Research Scientists at Google work closely with Software Engineers to discover, invent, and build at the largest scale. Ideas may come from internal projects as well as from collaborations with researchers at partner universities and technical institutes all over the world. From creating experiments and prototyping implementations to designing new learning algorithms, Research Scientists work on challenges in machine perception, data mining, machine learning, and natural language understanding. As a Google Research Scientist, you will continue to be an active contributor to the wider research community by collaborating with academic researchers and by publishing papers.
Researchers on the Google Brain team have the freedom to set their research agenda and to engage as much or as little as they wish with existing products, choosing between doing more basic, methodological research or more applied research as necessary to produce the most compelling results. Because many of the advances we develop today may take years to become useful, the team as a whole maintains a portfolio of projects across this spectrum. It is our philosophy that making substantive progress on hard applications can help drive and sharpen the research questions we study, and in turn scientific breakthroughs can spawn entirely new applications.
The Google Brain team’s research focuses on methods that can learn multiple layers of rich, non-linear feature extractors and can scale to large amounts of data. Much of our work is best understood as part of the deep learning subfield of machine learning, but we are interested in any methods capable of efficient and effective feature learning that get good results on challenging problems. We have resources and access to projects impossible to find elsewhere. Our broad and fundamental research goals allow us to collaborate closely with and–contribute uniquely to–many different product teams across the company.
- Participate in cutting edge research in machine intelligence and machine learning applications.

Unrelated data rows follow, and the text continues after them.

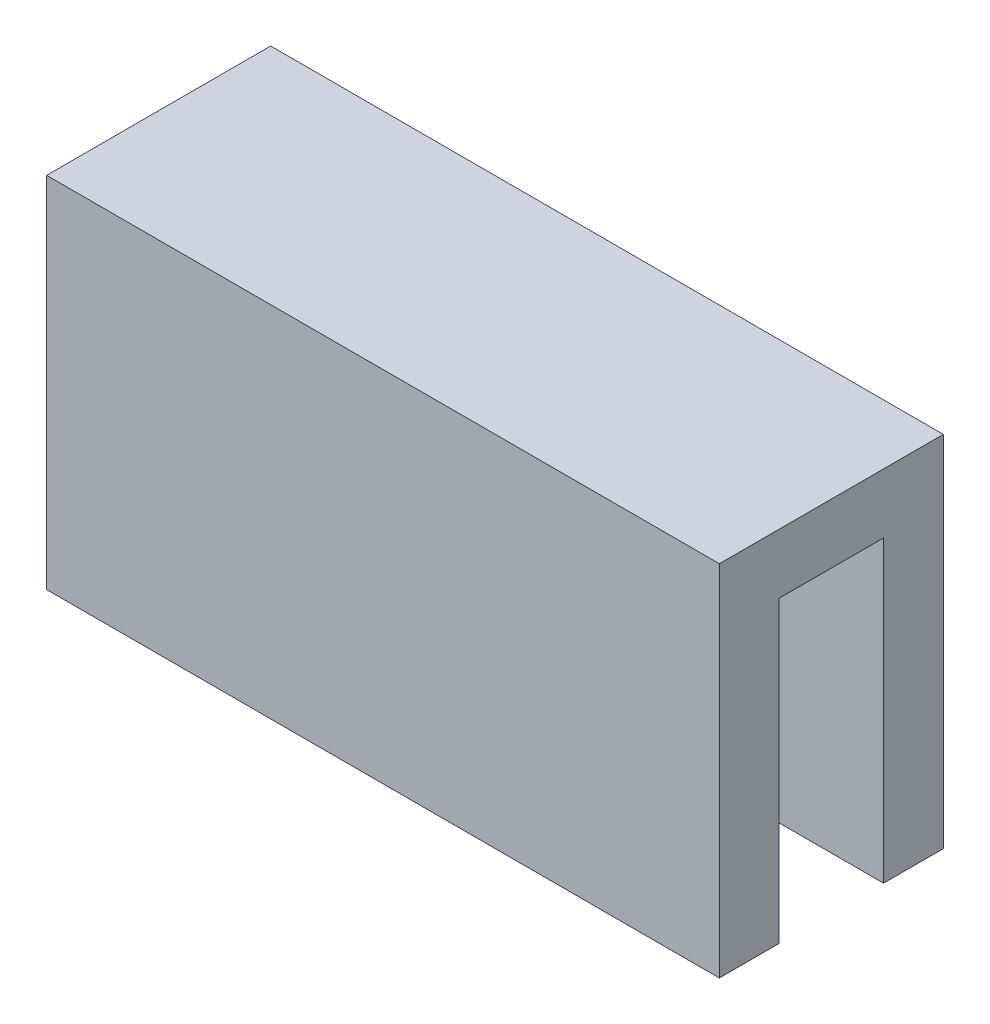
ISO-10303-21;
HEADER;
FILE_DESCRIPTION(('STEP AP214'),'2;1');
FILE_NAME('part.step','',(''),(''),'','','');
FILE_SCHEMA(('AUTOMOTIVE_DESIGN { 1 0 10303 214 1 1 1 1 }'));
ENDSEC;
DATA;
#1=APPLICATION_CONTEXT('core data for automotive mechanical design processes');
#2=APPLICATION_PROTOCOL_DEFINITION('international standard','automotive_design',2000,#1);
#3=PRODUCT_CONTEXT('',#1,'mechanical');
#4=PRODUCT('Part','Part','',(#3));
#5=PRODUCT_RELATED_PRODUCT_CATEGORY('part','',(#4));
#6=PRODUCT_DEFINITION_FORMATION('','',#4);
#7=PRODUCT_DEFINITION_CONTEXT('part definition',#1,'design');
#8=PRODUCT_DEFINITION('design','',#6,#7);
#9=PRODUCT_DEFINITION_SHAPE('','',#8);
#10=(LENGTH_UNIT() NAMED_UNIT(*) SI_UNIT(.MILLI.,.METRE.));
#11=(NAMED_UNIT(*) PLANE_ANGLE_UNIT() SI_UNIT($,.RADIAN.));
#12=(NAMED_UNIT(*) SI_UNIT($,.STERADIAN.) SOLID_ANGLE_UNIT());
#13=UNCERTAINTY_MEASURE_WITH_UNIT(LENGTH_MEASURE(1.E-05),#10,'distance_accuracy_value','');
#14=(GEOMETRIC_REPRESENTATION_CONTEXT(3) GLOBAL_UNCERTAINTY_ASSIGNED_CONTEXT((#13)) GLOBAL_UNIT_ASSIGNED_CONTEXT((#10,
#11,#12)) REPRESENTATION_CONTEXT('',''));
#15=CARTESIAN_POINT('',(0.,0.,0.));
#16=DIRECTION('',(0.,0.,1.));
#17=DIRECTION('',(1.,0.,0.));
#18=AXIS2_PLACEMENT_3D('',#15,#16,#17);
#19=CARTESIAN_POINT('',(18.,-16.,5.994));
#20=DIRECTION('',(0.,1.,0.));
#21=DIRECTION('',(-1.,0.,0.));
#22=AXIS2_PLACEMENT_3D('',#19,#20,#21);
#23=PLANE('',#22);
#24=DIRECTION('',(1.,0.,0.));
#25=VECTOR('',#24,1.);
#26=CARTESIAN_POINT('',(-18.,-16.,2.794));
#27=LINE('',#26,#25);
#28=CARTESIAN_POINT('',(-18.,-16.,2.794));
#29=VERTEX_POINT('',#28);
#30=CARTESIAN_POINT('',(18.,-16.,2.794));
#31=VERTEX_POINT('',#30);
#32=EDGE_CURVE('E171',#29,#31,#27,.T.);
#33=ORIENTED_EDGE('',*,*,#32,.T.);
#34=DIRECTION('',(0.,0.,-1.));
#35=VECTOR('',#34,1.);
#36=CARTESIAN_POINT('',(18.,-16.,5.994));
#37=LINE('',#36,#35);
#38=CARTESIAN_POINT('',(18.,-16.,5.994));
#39=VERTEX_POINT('',#38);
#40=EDGE_CURVE('E140',#39,#31,#37,.T.);
#41=ORIENTED_EDGE('',*,*,#40,.F.);
#42=DIRECTION('',(1.,0.,0.));
#43=VECTOR('',#42,1.);
#44=CARTESIAN_POINT('',(18.,-16.,5.994));
#45=LINE('',#44,#43);
#46=CARTESIAN_POINT('',(-18.,-16.,5.994));
#47=VERTEX_POINT('',#46);
#48=EDGE_CURVE('E65',#47,#39,#45,.T.);
#49=ORIENTED_EDGE('',*,*,#48,.F.);
#50=DIRECTION('',(0.,0.,-1.));
#51=VECTOR('',#50,1.);
#52=CARTESIAN_POINT('',(-18.,-16.,5.994));
#53=LINE('',#52,#51);
#54=EDGE_CURVE('E139',#47,#29,#53,.T.);
#55=ORIENTED_EDGE('',*,*,#54,.T.);
#56=EDGE_LOOP('',(#33,#41,#49,#55));
#57=FACE_BOUND('',#56,.T.);
#58=ADVANCED_FACE('F41',(#57),#23,.F.);
#59=CARTESIAN_POINT('',(18.,3.2,5.994));
#60=DIRECTION('',(-1.,0.,0.));
#61=DIRECTION('',(0.,-1.,0.));
#62=AXIS2_PLACEMENT_3D('',#59,#60,#61);
#63=PLANE('',#62);
#64=DIRECTION('',(0.,0.,1.));
#65=VECTOR('',#64,1.);
#66=CARTESIAN_POINT('',(18.,0.,-2.794));
#67=LINE('',#66,#65);
#68=CARTESIAN_POINT('',(18.,0.,-2.794));
#69=VERTEX_POINT('',#68);
#70=CARTESIAN_POINT('',(18.,0.,2.794));
#71=VERTEX_POINT('',#70);
#72=EDGE_CURVE('E165',#69,#71,#67,.T.);
#73=ORIENTED_EDGE('',*,*,#72,.F.);
#74=DIRECTION('',(0.,1.,0.));
#75=VECTOR('',#74,1.);
#76=CARTESIAN_POINT('',(18.,-16.,-2.794));
#77=LINE('',#76,#75);
#78=CARTESIAN_POINT('',(18.,-16.,-2.794));
#79=VERTEX_POINT('',#78);
#80=EDGE_CURVE('E132',#79,#69,#77,.T.);
#81=ORIENTED_EDGE('',*,*,#80,.F.);
#82=CARTESIAN_POINT('',(18.,-16.,-5.994));
#83=VERTEX_POINT('',#82);
#84=EDGE_CURVE('E87',#79,#83,#37,.T.);
#85=ORIENTED_EDGE('',*,*,#84,.T.);
#86=DIRECTION('',(0.,1.,0.));
#87=VECTOR('',#86,1.);
#88=CARTESIAN_POINT('',(18.,3.2,-5.994));
#89=LINE('',#88,#87);
#90=CARTESIAN_POINT('',(18.,3.2,-5.994));
#91=VERTEX_POINT('',#90);
#92=EDGE_CURVE('E156',#83,#91,#89,.T.);
#93=ORIENTED_EDGE('',*,*,#92,.T.);
#94=DIRECTION('',(0.,0.,-1.));
#95=VECTOR('',#94,1.);
#96=CARTESIAN_POINT('',(18.,3.2,5.994));
#97=LINE('',#96,#95);
#98=CARTESIAN_POINT('',(18.,3.2,5.994));
#99=VERTEX_POINT('',#98);
#100=EDGE_CURVE('E11',#99,#91,#97,.T.);
#101=ORIENTED_EDGE('',*,*,#100,.F.);
#102=DIRECTION('',(0.,1.,0.));
#103=VECTOR('',#102,1.);
#104=CARTESIAN_POINT('',(18.,3.2,5.994));
#105=LINE('',#104,#103);
#106=EDGE_CURVE('E155',#39,#99,#105,.T.);
#107=ORIENTED_EDGE('',*,*,#106,.F.);
#108=ORIENTED_EDGE('',*,*,#40,.T.);
#109=DIRECTION('',(0.,1.,0.));
#110=VECTOR('',#109,1.);
#111=CARTESIAN_POINT('',(18.,-16.,2.794));
#112=LINE('',#111,#110);
#113=EDGE_CURVE('E56',#31,#71,#112,.T.);
#114=ORIENTED_EDGE('',*,*,#113,.T.);
#115=EDGE_LOOP('',(#73,#81,#85,#93,#101,#107,#108,#114));
#116=FACE_BOUND('',#115,.T.);
#117=ADVANCED_FACE('F43',(#116),#63,.F.);
#118=CARTESIAN_POINT('',(18.,3.2,5.994));
#119=DIRECTION('',(0.,-1.,0.));
#120=DIRECTION('',(1.,0.,0.));
#121=AXIS2_PLACEMENT_3D('',#118,#119,#120);
#122=PLANE('',#121);
#123=DIRECTION('',(-1.,0.,0.));
#124=VECTOR('',#123,1.);
#125=CARTESIAN_POINT('',(18.,3.2,-5.994));
#126=LINE('',#125,#124);
#127=CARTESIAN_POINT('',(-18.,3.19999999999999,-5.994));
#128=VERTEX_POINT('',#127);
#129=EDGE_CURVE('E152',#91,#128,#126,.T.);
#130=ORIENTED_EDGE('',*,*,#129,.T.);
#131=DIRECTION('',(0.,0.,-1.));
#132=VECTOR('',#131,1.);
#133=CARTESIAN_POINT('',(-18.,3.19999999999999,5.994));
#134=LINE('',#133,#132);
#135=CARTESIAN_POINT('',(-18.,3.19999999999999,5.994));
#136=VERTEX_POINT('',#135);
#137=EDGE_CURVE('E49',#136,#128,#134,.T.);
#138=ORIENTED_EDGE('',*,*,#137,.F.);
#139=DIRECTION('',(-1.,0.,0.));
#140=VECTOR('',#139,1.);
#141=CARTESIAN_POINT('',(18.,3.2,5.994));
#142=LINE('',#141,#140);
#143=EDGE_CURVE('E94',#99,#136,#142,.T.);
#144=ORIENTED_EDGE('',*,*,#143,.F.);
#145=ORIENTED_EDGE('',*,*,#100,.T.);
#146=EDGE_LOOP('',(#130,#138,#144,#145));
#147=FACE_BOUND('',#146,.T.);
#148=ADVANCED_FACE('F220',(#147),#122,.F.);
#149=CARTESIAN_POINT('',(-18.,3.19999999999999,5.994));
#150=DIRECTION('',(1.,0.,0.));
#151=DIRECTION('',(0.,1.,0.));
#152=AXIS2_PLACEMENT_3D('',#149,#150,#151);
#153=PLANE('',#152);
#154=CARTESIAN_POINT('',(-18.,-16.,-2.794));
#155=VERTEX_POINT('',#154);
#156=CARTESIAN_POINT('',(-18.,-16.,-5.994));
#157=VERTEX_POINT('',#156);
#158=EDGE_CURVE('E130',#155,#157,#53,.T.);
#159=ORIENTED_EDGE('',*,*,#158,.F.);
#160=DIRECTION('',(0.,-1.,0.));
#161=VECTOR('',#160,1.);
#162=CARTESIAN_POINT('',(-18.,-16.,-2.794));
#163=LINE('',#162,#161);
#164=CARTESIAN_POINT('',(-18.,0.,-2.794));
#165=VERTEX_POINT('',#164);
#166=EDGE_CURVE('E117',#165,#155,#163,.T.);
#167=ORIENTED_EDGE('',*,*,#166,.F.);
#168=DIRECTION('',(0.,0.,1.));
#169=VECTOR('',#168,1.);
#170=CARTESIAN_POINT('',(-18.,0.,-2.794));
#171=LINE('',#170,#169);
#172=CARTESIAN_POINT('',(-18.,0.,2.794));
#173=VERTEX_POINT('',#172);
#174=EDGE_CURVE('E160',#165,#173,#171,.T.);
#175=ORIENTED_EDGE('',*,*,#174,.T.);
#176=DIRECTION('',(0.,-1.,0.));
#177=VECTOR('',#176,1.);
#178=CARTESIAN_POINT('',(-18.,-16.,2.794));
#179=LINE('',#178,#177);
#180=EDGE_CURVE('E173',#173,#29,#179,.T.);
#181=ORIENTED_EDGE('',*,*,#180,.T.);
#182=ORIENTED_EDGE('',*,*,#54,.F.);
#183=DIRECTION('',(0.,-1.,0.));
#184=VECTOR('',#183,1.);
#185=CARTESIAN_POINT('',(-18.,3.19999999999999,5.994));
#186=LINE('',#185,#184);
#187=EDGE_CURVE('E148',#136,#47,#186,.T.);
#188=ORIENTED_EDGE('',*,*,#187,.F.);
#189=ORIENTED_EDGE('',*,*,#137,.T.);
#190=DIRECTION('',(0.,-1.,0.));
#191=VECTOR('',#190,1.);
#192=CARTESIAN_POINT('',(-18.,3.19999999999999,-5.994));
#193=LINE('',#192,#191);
#194=EDGE_CURVE('E137',#128,#157,#193,.T.);
#195=ORIENTED_EDGE('',*,*,#194,.T.);
#196=EDGE_LOOP('',(#159,#167,#175,#181,#182,#188,#189,#195));
#197=FACE_BOUND('',#196,.T.);
#198=ADVANCED_FACE('F134',(#197),#153,.F.);
#199=ORIENTED_EDGE('',*,*,#84,.F.);
#200=DIRECTION('',(1.,0.,0.));
#201=VECTOR('',#200,1.);
#202=CARTESIAN_POINT('',(-18.,-16.,-2.794));
#203=LINE('',#202,#201);
#204=EDGE_CURVE('E120',#155,#79,#203,.T.);
#205=ORIENTED_EDGE('',*,*,#204,.F.);
#206=ORIENTED_EDGE('',*,*,#158,.T.);
#207=DIRECTION('',(1.,0.,0.));
#208=VECTOR('',#207,1.);
#209=CARTESIAN_POINT('',(18.,-16.,-5.994));
#210=LINE('',#209,#208);
#211=EDGE_CURVE('E153',#157,#83,#210,.T.);
#212=ORIENTED_EDGE('',*,*,#211,.T.);
#213=EDGE_LOOP('',(#199,#205,#206,#212));
#214=FACE_BOUND('',#213,.T.);
#215=ADVANCED_FACE('F129',(#214),#23,.F.);
#216=CARTESIAN_POINT('',(0.,0.,5.994));
#217=DIRECTION('',(0.,0.,-1.));
#218=DIRECTION('',(-1.,0.,0.));
#219=AXIS2_PLACEMENT_3D('',#216,#217,#218);
#220=PLANE('',#219);
#221=ORIENTED_EDGE('',*,*,#106,.T.);
#222=ORIENTED_EDGE('',*,*,#143,.T.);
#223=ORIENTED_EDGE('',*,*,#187,.T.);
#224=ORIENTED_EDGE('',*,*,#48,.T.);
#225=EDGE_LOOP('',(#221,#222,#223,#224));
#226=FACE_BOUND('',#225,.T.);
#227=ADVANCED_FACE('F224',(#226),#220,.F.);
#228=CARTESIAN_POINT('',(0.,0.,-5.994));
#229=DIRECTION('',(0.,0.,-1.));
#230=DIRECTION('',(-1.,0.,0.));
#231=AXIS2_PLACEMENT_3D('',#228,#229,#230);
#232=PLANE('',#231);
#233=CARTESIAN_POINT('',(11.7,-1.7,-5.994));
#234=DIRECTION('',(0.,0.,1.));
#235=DIRECTION('',(1.,0.,0.));
#236=AXIS2_PLACEMENT_3D('',#233,#234,#235);
#237=CIRCLE('',#236,3.3);
#238=CARTESIAN_POINT('',(15.,-1.7,-5.994));
#239=VERTEX_POINT('',#238);
#240=EDGE_CURVE('E197',#239,#239,#237,.T.);
#241=ORIENTED_EDGE('',*,*,#240,.T.);
#242=EDGE_LOOP('',(#241));
#243=FACE_BOUND('',#242,.T.);
#244=CARTESIAN_POINT('',(3.9,-1.70000000000006,-5.994));
#245=DIRECTION('',(0.,0.,1.));
#246=DIRECTION('',(1.,0.,0.));
#247=AXIS2_PLACEMENT_3D('',#244,#245,#246);
#248=CIRCLE('',#247,3.3);
#249=CARTESIAN_POINT('',(7.2,-1.70000000000006,-5.994));
#250=VERTEX_POINT('',#249);
#251=EDGE_CURVE('E194',#250,#250,#248,.T.);
#252=ORIENTED_EDGE('',*,*,#251,.T.);
#253=EDGE_LOOP('',(#252));
#254=FACE_BOUND('',#253,.T.);
#255=CARTESIAN_POINT('',(-3.9,-1.70000000000011,-5.994));
#256=DIRECTION('',(0.,0.,1.));
#257=DIRECTION('',(1.,0.,0.));
#258=AXIS2_PLACEMENT_3D('',#255,#256,#257);
#259=CIRCLE('',#258,3.3);
#260=CARTESIAN_POINT('',(-0.599999999999998,-1.70000000000011,-5.994));
#261=VERTEX_POINT('',#260);
#262=EDGE_CURVE('E188',#261,#261,#259,.T.);
#263=ORIENTED_EDGE('',*,*,#262,.T.);
#264=EDGE_LOOP('',(#263));
#265=FACE_BOUND('',#264,.T.);
#266=CARTESIAN_POINT('',(-11.7,-1.70000000000016,-5.994));
#267=DIRECTION('',(0.,0.,1.));
#268=DIRECTION('',(1.,0.,0.));
#269=AXIS2_PLACEMENT_3D('',#266,#267,#268);
#270=CIRCLE('',#269,3.3);
#271=CARTESIAN_POINT('',(-8.4,-1.70000000000016,-5.994));
#272=VERTEX_POINT('',#271);
#273=EDGE_CURVE('E182',#272,#272,#270,.T.);
#274=ORIENTED_EDGE('',*,*,#273,.T.);
#275=EDGE_LOOP('',(#274));
#276=FACE_BOUND('',#275,.T.);
#277=ORIENTED_EDGE('',*,*,#92,.F.);
#278=ORIENTED_EDGE('',*,*,#211,.F.);
#279=ORIENTED_EDGE('',*,*,#194,.F.);
#280=ORIENTED_EDGE('',*,*,#129,.F.);
#281=EDGE_LOOP('',(#277,#278,#279,#280));
#282=FACE_BOUND('',#281,.T.);
#283=ADVANCED_FACE('F151',(#243,#254,#265,#276,#282),#232,.T.);
#284=CARTESIAN_POINT('',(-18.,0.,-2.794));
#285=DIRECTION('',(0.,1.,0.));
#286=DIRECTION('',(0.,0.,1.));
#287=AXIS2_PLACEMENT_3D('',#284,#285,#286);
#288=PLANE('',#287);
#289=DIRECTION('',(-1.,0.,0.));
#290=VECTOR('',#289,1.);
#291=CARTESIAN_POINT('',(-18.,0.,2.794));
#292=LINE('',#291,#290);
#293=EDGE_CURVE('E126',#71,#173,#292,.T.);
#294=ORIENTED_EDGE('',*,*,#293,.T.);
#295=ORIENTED_EDGE('',*,*,#174,.F.);
#296=DIRECTION('',(-1.,0.,0.));
#297=VECTOR('',#296,1.);
#298=CARTESIAN_POINT('',(-18.,0.,-2.794));
#299=LINE('',#298,#297);
#300=EDGE_CURVE('E122',#69,#165,#299,.T.);
#301=ORIENTED_EDGE('',*,*,#300,.F.);
#302=ORIENTED_EDGE('',*,*,#72,.T.);
#303=EDGE_LOOP('',(#294,#295,#301,#302));
#304=FACE_BOUND('',#303,.T.);
#305=ADVANCED_FACE('F239',(#304),#288,.F.);
#306=CARTESIAN_POINT('',(0.,0.,-2.794));
#307=DIRECTION('',(0.,0.,-1.));
#308=DIRECTION('',(-1.,0.,0.));
#309=AXIS2_PLACEMENT_3D('',#306,#307,#308);
#310=PLANE('',#309);
#311=ORIENTED_EDGE('',*,*,#166,.T.);
#312=ORIENTED_EDGE('',*,*,#204,.T.);
#313=ORIENTED_EDGE('',*,*,#80,.T.);
#314=ORIENTED_EDGE('',*,*,#300,.T.);
#315=EDGE_LOOP('',(#311,#312,#313,#314));
#316=FACE_BOUND('',#315,.T.);
#317=ADVANCED_FACE('F119',(#316),#310,.F.);
#318=CARTESIAN_POINT('',(0.,0.,2.794));
#319=DIRECTION('',(0.,0.,-1.));
#320=DIRECTION('',(-1.,0.,0.));
#321=AXIS2_PLACEMENT_3D('',#318,#319,#320);
#322=PLANE('',#321);
#323=ORIENTED_EDGE('',*,*,#180,.F.);
#324=ORIENTED_EDGE('',*,*,#293,.F.);
#325=ORIENTED_EDGE('',*,*,#113,.F.);
#326=ORIENTED_EDGE('',*,*,#32,.F.);
#327=EDGE_LOOP('',(#323,#324,#325,#326));
#328=FACE_BOUND('',#327,.T.);
#329=ADVANCED_FACE('F240',(#328),#322,.T.);
#330=CARTESIAN_POINT('',(-11.7,-1.70000000000016,-3.394));
#331=DIRECTION('',(0.,0.,-1.));
#332=DIRECTION('',(-1.,0.,0.));
#333=AXIS2_PLACEMENT_3D('',#330,#331,#332);
#334=CYLINDRICAL_SURFACE('',#333,3.3);
#335=CARTESIAN_POINT('',(-11.7,-1.70000000000016,-3.394));
#336=DIRECTION('',(0.,0.,1.));
#337=DIRECTION('',(1.,0.,0.));
#338=AXIS2_PLACEMENT_3D('',#335,#336,#337);
#339=CIRCLE('',#338,3.3);
#340=CARTESIAN_POINT('',(-8.4,-1.70000000000016,-3.394));
#341=VERTEX_POINT('',#340);
#342=EDGE_CURVE('E179',#341,#341,#339,.T.);
#343=ORIENTED_EDGE('',*,*,#342,.T.);
#344=EDGE_LOOP('',(#343));
#345=FACE_BOUND('',#344,.T.);
#346=ORIENTED_EDGE('',*,*,#273,.F.);
#347=EDGE_LOOP('',(#346));
#348=FACE_BOUND('',#347,.T.);
#349=ADVANCED_FACE('F242',(#345,#348),#334,.F.);
#350=CARTESIAN_POINT('',(-11.7,-1.70000000000016,-3.394));
#351=DIRECTION('',(0.,0.,1.));
#352=DIRECTION('',(1.,0.,0.));
#353=AXIS2_PLACEMENT_3D('',#350,#351,#352);
#354=PLANE('',#353);
#355=ORIENTED_EDGE('',*,*,#342,.F.);
#356=EDGE_LOOP('',(#355));
#357=FACE_BOUND('',#356,.T.);
#358=ADVANCED_FACE('F248',(#357),#354,.F.);
#359=CARTESIAN_POINT('',(-3.9,-1.70000000000011,-3.394));
#360=DIRECTION('',(0.,0.,-1.));
#361=DIRECTION('',(-1.,0.,0.));
#362=AXIS2_PLACEMENT_3D('',#359,#360,#361);
#363=CYLINDRICAL_SURFACE('',#362,3.3);
#364=CARTESIAN_POINT('',(-3.9,-1.70000000000011,-3.394));
#365=DIRECTION('',(0.,0.,1.));
#366=DIRECTION('',(1.,0.,0.));
#367=AXIS2_PLACEMENT_3D('',#364,#365,#366);
#368=CIRCLE('',#367,3.3);
#369=CARTESIAN_POINT('',(-0.599999999999998,-1.70000000000011,-3.394));
#370=VERTEX_POINT('',#369);
#371=EDGE_CURVE('E185',#370,#370,#368,.T.);
#372=ORIENTED_EDGE('',*,*,#371,.T.);
#373=EDGE_LOOP('',(#372));
#374=FACE_BOUND('',#373,.T.);
#375=ORIENTED_EDGE('',*,*,#262,.F.);
#376=EDGE_LOOP('',(#375));
#377=FACE_BOUND('',#376,.T.);
#378=ADVANCED_FACE('F268',(#374,#377),#363,.F.);
#379=CARTESIAN_POINT('',(-3.9,-1.70000000000011,-3.394));
#380=DIRECTION('',(0.,0.,1.));
#381=DIRECTION('',(1.,0.,0.));
#382=AXIS2_PLACEMENT_3D('',#379,#380,#381);
#383=PLANE('',#382);
#384=ORIENTED_EDGE('',*,*,#371,.F.);
#385=EDGE_LOOP('',(#384));
#386=FACE_BOUND('',#385,.T.);
#387=ADVANCED_FACE('F270',(#386),#383,.F.);
#388=CARTESIAN_POINT('',(3.9,-1.70000000000006,-3.394));
#389=DIRECTION('',(0.,0.,-1.));
#390=DIRECTION('',(-1.,0.,0.));
#391=AXIS2_PLACEMENT_3D('',#388,#389,#390);
#392=CYLINDRICAL_SURFACE('',#391,3.3);
#393=CARTESIAN_POINT('',(3.9,-1.70000000000006,-3.394));
#394=DIRECTION('',(0.,0.,1.));
#395=DIRECTION('',(1.,0.,0.));
#396=AXIS2_PLACEMENT_3D('',#393,#394,#395);
#397=CIRCLE('',#396,3.3);
#398=CARTESIAN_POINT('',(7.2,-1.70000000000006,-3.394));
#399=VERTEX_POINT('',#398);
#400=EDGE_CURVE('E191',#399,#399,#397,.T.);
#401=ORIENTED_EDGE('',*,*,#400,.T.);
#402=EDGE_LOOP('',(#401));
#403=FACE_BOUND('',#402,.T.);
#404=ORIENTED_EDGE('',*,*,#251,.F.);
#405=EDGE_LOOP('',(#404));
#406=FACE_BOUND('',#405,.T.);
#407=ADVANCED_FACE('F277',(#403,#406),#392,.F.);
#408=CARTESIAN_POINT('',(3.9,-1.70000000000006,-3.394));
#409=DIRECTION('',(0.,0.,1.));
#410=DIRECTION('',(1.,0.,0.));
#411=AXIS2_PLACEMENT_3D('',#408,#409,#410);
#412=PLANE('',#411);
#413=ORIENTED_EDGE('',*,*,#400,.F.);
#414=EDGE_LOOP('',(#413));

- Develop solutions for real world, large scale problems.
- PhD in Computer Science, related technical field or equivalent practical experience.
- Experience in Natural Language Understanding, Computer Vision, Machine Learning, Algorithmic Foundations of Optimization, Data Mining or Machine Intelligence (Artificial Intelligence)
- Programming experience in one or more of the following: C, C++, Python
- Contributions to research communities and/or efforts, including publishing papers in machine learning venues (e.g: JMLR, ICLR, NIPS, ICML, ACL and CVPR)
- Relevant work experience, including full time industry experience or as a researcher in a lab
- Strong publication record
- Ability to design and execute on research agenda.